I think I'm going on 3 years and about 8-10 spools of solder, with the original Hako 936 tip almost always used @ 800° F. I bought a bunch of spares, but now I feel like I wasted money on replacement tips due to their extremely high quality.


----------



## jzmtl (Feb 23, 2010)

I don't solder a lot, but when my iron tip is messed up I put it to belt sander and reshape a new one then tin it. Works as well as when it was new.


----------



## Illum (Feb 24, 2010)

jzmtl said:


> I don't solder a lot, but when my iron tip is messed up I put it to belt sander and reshape a new one then tin it. Works as well as when it was new.

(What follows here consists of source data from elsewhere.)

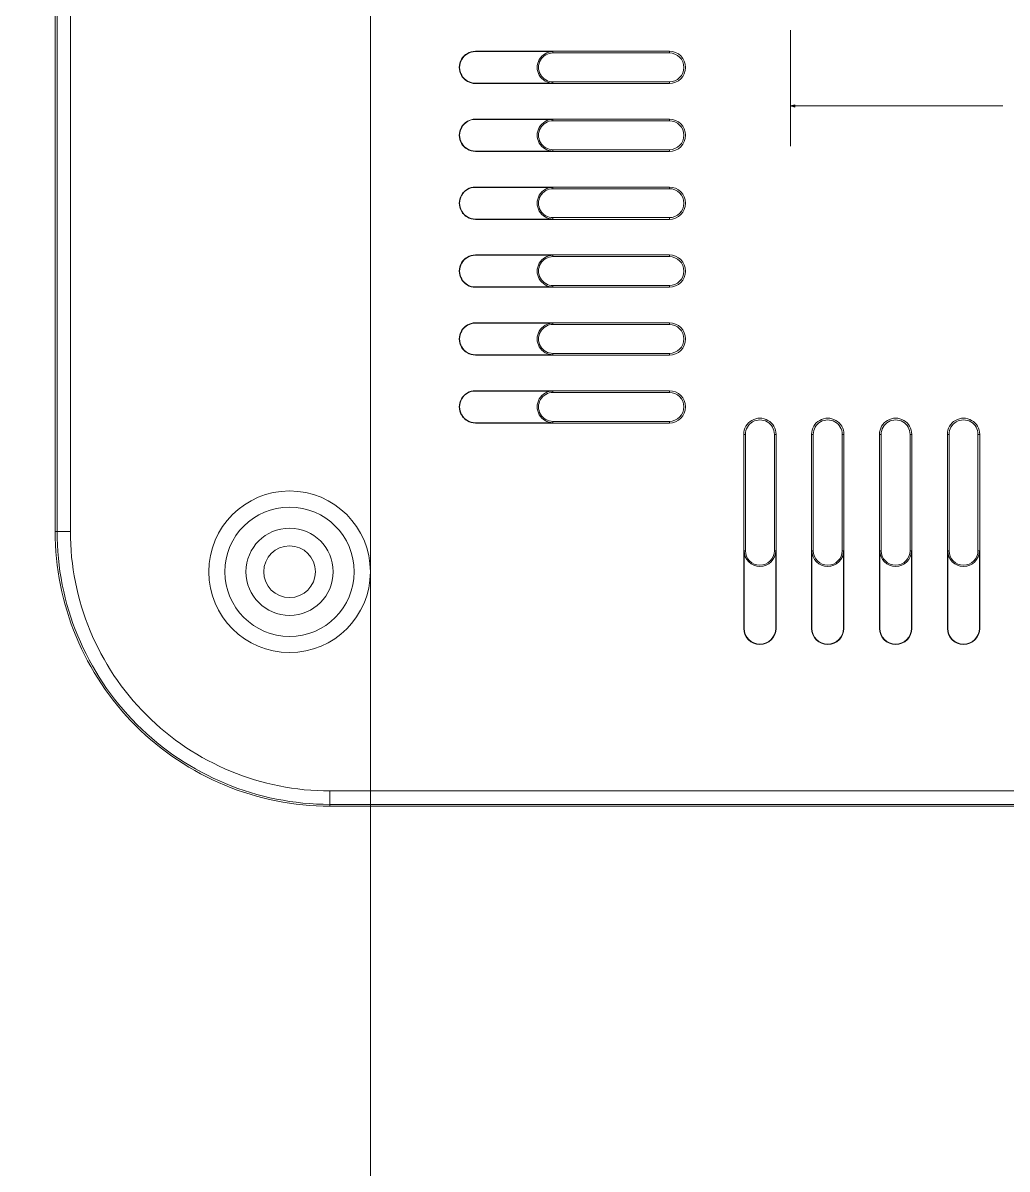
# Model space of a CAD drawing. Header units: millimetres. Extents: x -642 to 642, y -227 to 305.
# Drawn here: x -49 to 11.9, y 39.7 to 110.6 of the extents above; entities that cross this region are included whole.
import ezdxf

# ---------------------------------------------------------------- set-up
doc = ezdxf.new("R2010")
doc.units = ezdxf.units.MM
doc.header["$MEASUREMENT"] = 0
doc.layers.add('layer 1', color=7, linetype='Continuous')

msp = doc.modelspace()

# ---------------------------------------------------------------- hatches: boundary and pattern name
at = {"layer": 'layer 1', "true_color": 0xff0000}
h = msp.add_hatch(color=1, dxfattribs=at)
edge = h.paths.add_edge_path()
edge.add_spline(control_points=[(-1.2471, 105.5611), (-1.2471, 105.5611), (-1.5138, 105.4897), (-1.5138, 105.4897), (-1.5138, 105.4897), (-1.2471, 105.4182), (-1.2471, 105.4182), (-1.2471, 105.4182), (-1.2471, 105.5611), (-1.2471, 105.5611)], knot_values=[0, 0, 0, 0, 0.3333333, 0.3333333, 0.3333333, 0.6666667, 0.6666667, 0.6666667, 1, 1, 1, 1], degree=3, periodic=1)

# ---------------------------------------------------------------- linework, layer by layer
at = {"layer": 'layer 1', "lineweight": 9}
for points, knots in [([(-27.5138, 172.6694), (-27.5138, 175.4308), (-29.7524, 177.6694), (-32.5138, 177.6694), (-35.2752, 177.6694), (-37.5138, 175.4308), (-37.5138, 172.6694), (-37.5138, 169.908), (-35.2753, 167.6694), (-32.5138, 167.6694), (-29.7524, 167.6694), (-27.5138, 169.9079), (-27.5138, 172.6693), (-27.5138, 305.2165), (-27.5138, 40.1222), (-27.5138, 172.6694)], [0, 0, 0, 0, 0.25, 0.25, 0.25, 0.5, 0.5, 0.5, 0.75, 0.75, 0.75, 1, 1, 1, 1.0001, 1.0001, 1.0001, 1.0001]), ([(-27.5138, 76.6694), (-27.5138, 79.4308), (-29.7524, 81.6694), (-32.5138, 81.6694), (-35.2752, 81.6694), (-37.5138, 79.4308), (-37.5138, 76.6694), (-37.5138, 73.908), (-35.2753, 71.6694), (-32.5138, 71.6694), (-29.7524, 71.6694), (-27.5138, 73.9079), (-27.5138, 76.6693), (-27.5138, 209.2165), (-27.5138, -55.8778), (-27.5138, 76.6694)], [0, 0, 0, 0, 0.25, 0.25, 0.25, 0.5, 0.5, 0.5, 0.75, 0.75, 0.75, 1, 1, 1, 1.0001, 1.0001, 1.0001, 1.0001]), ([(-21.0138, 108.8694), (-21.3711, 108.8694), (-21.7012, 108.6788), (-21.8798, 108.3694), (-22.0585, 108.06), (-22.0585, 107.6788), (-21.8798, 107.3694), (-21.7012, 107.06), (-21.3711, 106.8694), (-21.0138, 106.8694)], [0, 0, 0, 0, 0.3333333, 0.3333333, 0.3333333, 0.6666667, 0.6666667, 0.6666667, 1, 1, 1, 1]), ([(-21.0138, 108.8484), (-21.3636, 108.8484), (-21.6868, 108.6618), (-21.8617, 108.3589), (-22.0366, 108.056), (-22.0366, 107.6828), (-21.8617, 107.3799), (-21.6868, 107.0769), (-21.3636, 106.8903), (-21.0138, 106.8903)], [0, 0, 0, 0, 0.3333333, 0.3333333, 0.3333333, 0.6666667, 0.6666667, 0.6666667, 1, 1, 1, 1]), ([(-16.2138, 108.8484), (-16.5636, 108.8484), (-16.8868, 108.6618), (-17.0617, 108.3589), (-17.2366, 108.056), (-17.2366, 107.6828), (-17.0617, 107.3799), (-16.8868, 107.0769), (-16.5636, 106.8903), (-16.2138, 106.8903)], [0, 0, 0, 0, 0.3333333, 0.3333333, 0.3333333, 0.6666667, 0.6666667, 0.6666667, 1, 1, 1, 1]), ([(-16.2138, 108.7646), (-16.5336, 108.7646), (-16.8292, 108.5939), (-16.9891, 108.317), (-17.149, 108.04), (-17.149, 107.6988), (-16.9891, 107.4218), (-16.8292, 107.1448), (-16.5336, 106.9742), (-16.2138, 106.9742)], [0, 0, 0, 0, 0.3333333, 0.3333333, 0.3333333, 0.6666667, 0.6666667, 0.6666667, 1, 1, 1, 1]), ([(-9.0138, 106.8694), (-8.4615, 106.8694), (-8.0138, 107.3171), (-8.0138, 107.8694), (-8.0138, 108.4217), (-8.4615, 108.8694), (-9.0138, 108.8694)], [0, 0, 0, 0, 0.5, 0.5, 0.5, 1, 1, 1, 1]), ([(-9.0138, 106.9742), (-8.5194, 106.9742), (-8.1186, 107.375), (-8.1186, 107.8694), (-8.1186, 108.3638), (-8.5194, 108.7646), (-9.0138, 108.7646)], [0, 0, 0, 0, 0.5, 0.5, 0.5, 1, 1, 1, 1]), ([(-21.0138, 104.6694), (-21.3711, 104.6694), (-21.7012, 104.4788), (-21.8798, 104.1694), (-22.0585, 103.86), (-22.0585, 103.4788), (-21.8798, 103.1694), (-21.7012, 102.86), (-21.3711, 102.6694), (-21.0138, 102.6694)], [0, 0, 0, 0, 0.3333333, 0.3333333, 0.3333333, 0.6666667, 0.6666667, 0.6666667, 1, 1, 1, 1]), ([(-21.0138, 104.6484), (-21.3636, 104.6484), (-21.6868, 104.4618), (-21.8617, 104.1589), (-22.0366, 103.856), (-22.0366, 103.4828), (-21.8617, 103.1799), (-21.6868, 102.8769), (-21.3636, 102.6903), (-21.0138, 102.6903)], [0, 0, 0, 0, 0.3333333, 0.3333333, 0.3333333, 0.6666667, 0.6666667, 0.6666667, 1, 1, 1, 1]), ([(-16.2138, 104.6484), (-16.5636, 104.6484), (-16.8868, 104.4618), (-17.0617, 104.1589), (-17.2366, 103.856), (-17.2366, 103.4828), (-17.0617, 103.1799), (-16.8868, 102.8769), (-16.5636, 102.6903), (-16.2138, 102.6903)], [0, 0, 0, 0, 0.3333333, 0.3333333, 0.3333333, 0.6666667, 0.6666667, 0.6666667, 1, 1, 1, 1]), ([(-16.2138, 104.5646), (-16.5336, 104.5646), (-16.8292, 104.3939), (-16.9891, 104.117), (-17.149, 103.84), (-17.149, 103.4988), (-16.9891, 103.2218), (-16.8292, 102.9448), (-16.5336, 102.7742), (-16.2138, 102.7742)], [0, 0, 0, 0, 0.3333333, 0.3333333, 0.3333333, 0.6666667, 0.6666667, 0.6666667, 1, 1, 1, 1]), ([(-9.0138, 102.6694), (-8.4615, 102.6694), (-8.0138, 103.1171), (-8.0138, 103.6694), (-8.0138, 104.2217), (-8.4615, 104.6694), (-9.0138, 104.6694)], [0, 0, 0, 0, 0.5, 0.5, 0.5, 1, 1, 1, 1]), ([(-9.0138, 102.7742), (-8.5194, 102.7742), (-8.1186, 103.175), (-8.1186, 103.6694), (-8.1186, 104.1638), (-8.5194, 104.5646), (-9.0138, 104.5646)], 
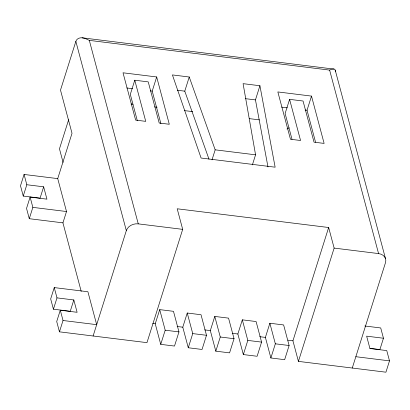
<?xml version="1.0" encoding="UTF-8"?>
<svg xmlns="http://www.w3.org/2000/svg" width="410" height="410" viewBox="0 0 410 410"><rect width="100%" height="100%" fill="white"/><g stroke="black" fill="none" stroke-linecap="round" stroke-linejoin="round"><path stroke-width="0.61" d="M24.072 174.455L20.5 185.781L23.242 196.067L40.072 198.148L43.644 186.816L26.814 184.736L24.072 174.455L57.728 178.616L66.507 211.529L62.935 222.855L81.206 291.356M23.242 196.067L26.814 184.736M385.477 258.551L335.206 70.079L334.473 69.167L82.128 37.802C79.566 37.541 76.624 38.74 75.855 41.384L60.495 90.103L72.016 133.296L57.728 178.616M43.644 186.816L46.935 199.163L30.109 197.082L26.537 208.408L29.279 218.694L62.935 222.855M29.279 218.694L32.851 207.368L30.109 197.082M68.649 119.694L59.465 148.825L63.084 162.401M54.248 287.589L50.676 298.921L53.423 309.202L70.248 311.282L73.82 299.956L56.995 297.875L54.248 287.589L87.904 291.751L96.683 324.664L63.027 320.502L60.285 310.216L77.111 312.297L73.82 299.956M53.423 309.202L56.995 297.875M60.285 310.216L56.713 321.548L59.455 331.833L146.964 342.652L182.686 229.359L177.197 208.787L328.656 227.514L334.14 248.086L298.418 361.379L385.928 372.198L389.5 360.867L386.758 350.586L369.928 348.505L366.637 336.159L383.463 338.24L379.891 349.571L369.922 348.336M134.767 80.211L145.74 121.355L135.643 120.104L123.02 72.795L156.681 76.957L169.299 124.266L159.203 123.02L148.23 81.877L134.767 80.211L130.303 94.377L137.345 120.781M59.455 331.833L63.027 320.502M160.899 123.682L152.212 91.117L156.681 76.957M93.111 335.995L126.331 230.63L75.855 41.384M208.992 159.177L184.772 91.163L189.241 77.003L172.41 74.922L201.09 158.034L275.136 167.193L259.919 85.741L243.089 83.66L255.563 154.826L252.401 164.856M155.246 323.782L159.71 309.622L173.481 311.323L178.965 331.895L174.501 346.055L160.73 344.354L155.246 323.782L152.74 323.475M212.011 159.864L215.173 149.829L189.241 77.003M160.73 344.354L165.199 330.193L159.71 309.622M182.783 327.19L187.247 313.025L201.018 314.731L206.502 335.298L202.038 349.458L188.272 347.757L182.783 327.19L177.151 326.493M267.976 166.942L255.456 99.902L259.919 85.741M188.272 347.757L192.736 333.596L187.247 313.025M210.32 330.593L214.784 316.433L228.554 318.134L234.043 338.706L229.574 352.866L215.809 351.165L210.32 330.593L204.687 329.896M289.588 99.358L300.561 140.497L290.464 139.246L277.847 91.937L311.503 96.099L324.12 143.408L314.024 142.162L303.051 101.019L289.588 99.358L285.124 113.519L292.002 139.308M215.809 351.165L220.272 336.999L214.784 316.433M315.556 142.208L307.034 110.259L311.503 96.099M237.856 333.996L242.325 319.836L256.091 321.537L261.58 342.109L257.116 356.269L243.345 354.568L237.856 333.996L232.224 333.299M243.345 354.568L247.809 340.408L242.325 319.836M265.398 337.404L269.862 323.239L283.628 324.945L289.117 345.512L284.653 359.678L270.882 357.971L265.398 337.404L259.761 336.707M270.882 357.971L275.346 343.811L269.862 323.239M298.418 361.379L292.935 340.807L328.656 227.514M352.272 368.036L385.492 262.672A9.871 7.867 -14.9 0 0 378.568 253.58L329.625 70.095L89.313 40.38L84.931 38.335L82.128 37.802M286.99 129.047L289.173 127.807M329.625 70.095L331.582 69.172L333.909 68.936M177.294 90.241L184.772 91.163M245.482 98.672L255.456 99.902M126.813 87.976L132.527 88.683M150.311 90.882L152.212 91.117M281.634 107.118L287.348 107.825M305.132 110.023L307.034 110.259M131.067 104.007L132.973 104.242M154.58 106.913L157.122 107.225M184.454 110.608L192.715 111.628M249.285 118.623L259.453 119.879M215.173 149.829L255.563 154.826M32.851 207.368L66.507 211.529M126.331 230.63A9.871 7.867 -14.9 0 1 138.257 223.865L182.686 229.359M334.14 248.086L378.568 253.58M364.844 325.991L380.721 327.954L383.463 338.24M287.928 340.187L292.935 340.807M165.199 330.193L178.965 331.895M192.736 333.596L206.502 335.298M220.272 336.999L234.043 338.706M247.809 340.408L261.58 342.109M275.346 343.811L289.117 345.512M355.844 356.705L389.5 360.867M89.313 40.38L138.257 223.865M335.206 70.079L335.39 71.53"/></g></svg>
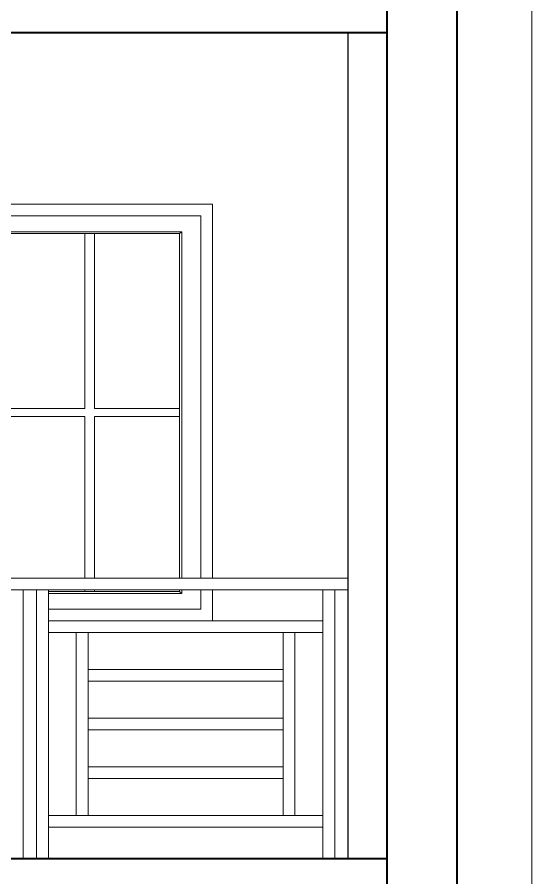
# Model space of a CAD drawing. Header units: inches. Extents: x 136316 to 155547, y -21384 to -17606.
# Drawn here: x 152096.1 to 152162.2, y -20206 to -20095.5 of the extents above; entities that cross this region are included whole.
import ezdxf

# ---------------------------------------------------------------- set-up
doc = ezdxf.new("R2010")
doc.units = ezdxf.units.IN
doc.header["$LTSCALE"] = 0.5
doc.header["$MEASUREMENT"] = 0
for name, color, linetype, lineweight in [('PARAPET', 50, 'Continuous', 13), ('wall', 1, 'Continuous', 40), ('wall light', 6, 'Continuous', 25), ('window', 4, 'Continuous', 13)]:
    doc.layers.add(name, color=color, linetype=linetype, lineweight=lineweight)

msp = doc.modelspace()

# ---------------------------------------------------------------- linework, layer by layer
at = {"layer": 'PARAPET'}
for p, q in [((152162.16, -20088.52), (152162.16, -20461.52)), ((152138.59, -20167.52), (152022.63, -20167.52)), ((152138.59, -20167.52), (152138.59, -20169.02)), ((152022.63, -20169.02), (152136.87, -20169.02)), ((152096.89, -20203.52), (152096.89, -20169.02)), ((152098.6, -20203.52), (152098.6, -20169.02)), ((152100.13, -20203.52), (152100.13, -20169.02)), ((152136.87, -20169.02), (152135.34, -20169.02)), ((152135.34, -20203.52), (152135.34, -20169.02)), ((152136.87, -20203.52), (152136.87, -20169.02)), ((152136.87, -20169.02), (152138.59, -20169.02)), ((152135.34, -20173.02), (152100.13, -20173.02)), ((152100.13, -20174.52), (152135.34, -20174.52)), ((152103.7, -20198.02), (152103.7, -20174.52)), ((152105.24, -20179.27), (152105.24, -20174.52)), ((152130.24, -20198.02), (152130.24, -20174.52)), ((152131.77, -20198.02), (152131.77, -20174.52)), ((152105.24, -20198.02), (152105.24, -20179.27)), ((152130.24, -20179.27), (152105.24, -20179.27)), ((152105.24, -20180.77), (152130.24, -20180.77)), ((152130.24, -20185.52), (152105.24, -20185.52)), ((152105.24, -20187.02), (152130.24, -20187.02)), ((152130.24, -20191.77), (152105.24, -20191.77)), ((152105.24, -20193.27), (152130.24, -20193.27)), ((152131.77, -20198.02), (152100.13, -20198.02)), ((152135.34, -20198.02), (152131.77, -20198.02)), ((152100.13, -20199.52), (152135.34, -20199.52)), ((152136.87, -20203.52), (152095.36, -20203.52))]:
    msp.add_line(p, q, dxfattribs=at)
at = {"layer": 'wall'}
for p, q in [((152152.59, -20323.52), (152152.59, -20003.88)), ((152143.59, -20323.52), (152143.59, -20012.88)), ((152143.59, -20097.52), (152022.63, -20097.52)), ((152022.63, -20203.52), (152143.59, -20203.52))]:
    msp.add_line(p, q, dxfattribs=at)
at = {"layer": 'wall light'}
msp.add_line((152138.59, -20203.52), (152138.59, -20097.52), dxfattribs=at)
at = {"layer": 'window'}
for p, q in [((152061.18, -20119.52), (152121.18, -20119.52)), ((152121.18, -20167.52), (152121.18, -20119.52)), ((152062.68, -20121.02), (152119.68, -20121.02)), ((152119.68, -20121.02), (152119.68, -20167.52)), ((152093.61, -20123.04), (152117.24, -20123.04)), ((152116.94, -20123.29), (152093.92, -20123.29)), ((152104.82, -20123.29), (152104.82, -20145.76)), ((152106.04, -20123.29), (152106.04, -20145.76)), ((152116.94, -20123.29), (152117.24, -20123.04)), ((152116.94, -20123.29), (152116.94, -20167.52)), ((152117.24, -20123.04), (152117.24, -20167.52)), ((152093.92, -20145.76), (152104.82, -20145.76)), ((152106.04, -20145.76), (152116.94, -20145.76)), ((152093.92, -20146.77), (152104.82, -20146.77)), ((152104.82, -20146.77), (152104.82, -20167.52)), ((152106.04, -20146.77), (152116.94, -20146.77)), ((152106.04, -20146.77), (152106.04, -20167.52)), ((152104.82, -20169.02), (152104.82, -20169.24)), ((152106.04, -20169.02), (152106.04, -20169.24)), ((152116.94, -20169.02), (152116.94, -20169.24)), ((152117.24, -20169.02), (152117.24, -20169.49)), ((152119.68, -20169.02), (152119.68, -20171.52)), ((152121.18, -20173.02), (152121.18, -20169.02)), ((152116.94, -20169.24), (152100.13, -20169.24)), ((152117.24, -20169.49), (152100.13, -20169.49)), ((152116.94, -20169.24), (152117.24, -20169.49)), ((152119.68, -20171.52), (152100.13, -20171.52)), ((152100.13, -20173.02), (152121.18, -20173.02))]:
    msp.add_line(p, q, dxfattribs=at)

doc.saveas('drawing.dxf')

Be advised that some tips are copper core and on occasion its impossible to tin. I'm currently in this situation. bare copper will still solder well as usual without the solder sticking to it, but as soon as you dab it with a wet sponge black, dull colored oxidation immediately covers the region:shakehead


----------



## Torque1st (Feb 24, 2010)

Illum said:


> Be advised that some tips are copper core and on occasion its impossible to tin. I'm currently in this situation. bare copper will still solder well as usual without the solder sticking to it, but as soon as you dab it with a wet sponge black, dull colored oxidation immediately covers the region:shakehead


It sounds like you may be running too hot. I have never had trouble with copper tips holding a solder coating unless they are way overheated or improperly tinned.


----------



## StrikerDown (Feb 24, 2010)

Illum said:


> Be advised that some tips are copper core and on occasion its impossible to tin. I'm currently in this situation. bare copper will still solder well as usual without the solder sticking to it, but as soon as you dab it with a wet sponge black, dull colored oxidation immediately covers the region:shakehead




In the "Olden Days" before plated tips sal ammoniac blocks were used to rub the hot iron tip on to remove the oxidation and tin the tip. See: http://store.allstainedglass.com/salambloc.html

With the advent of plated tips tinning should be extremely easy by comparison. An un-tinned tip will still heat the parts but much more slowly and increases the chance of damage to delicate parts, insulation, traces, etc.


----------



## jzmtl (Feb 24, 2010)

Illum said:


> Be advised that some tips are copper core and on occasion its impossible to tin. I'm currently in this situation. bare copper will still solder well as usual without the solder sticking to it, but as soon as you dab it with a wet sponge black, dull colored oxidation immediately covers the region:shakehead



Mine seems to be copper in color, but I tin it as soon as I finish grinding and solder sticks fine.


----------



## 65535 (Feb 24, 2010)

Illum said:


> Be advised that some tips are copper core and on occasion its impossible to tin. I'm currently in this situation. bare copper will still solder well as usual without the solder sticking to it, but as soon as you dab it with a wet sponge black, dull colored oxidation immediately covers the region:shakehead



I have my grandpas old school soldering monster (14"+ OAL) with a large heater and a 3/8" round copper tip filled into a 4 sided pyramid patter. Solid copper, tins great.


----------



## Illum (Feb 24, 2010)

Torque1st said:


> It sounds like you may be running too hot. I have never had trouble with copper tips holding a solder coating unless they are way overheated or improperly tinned.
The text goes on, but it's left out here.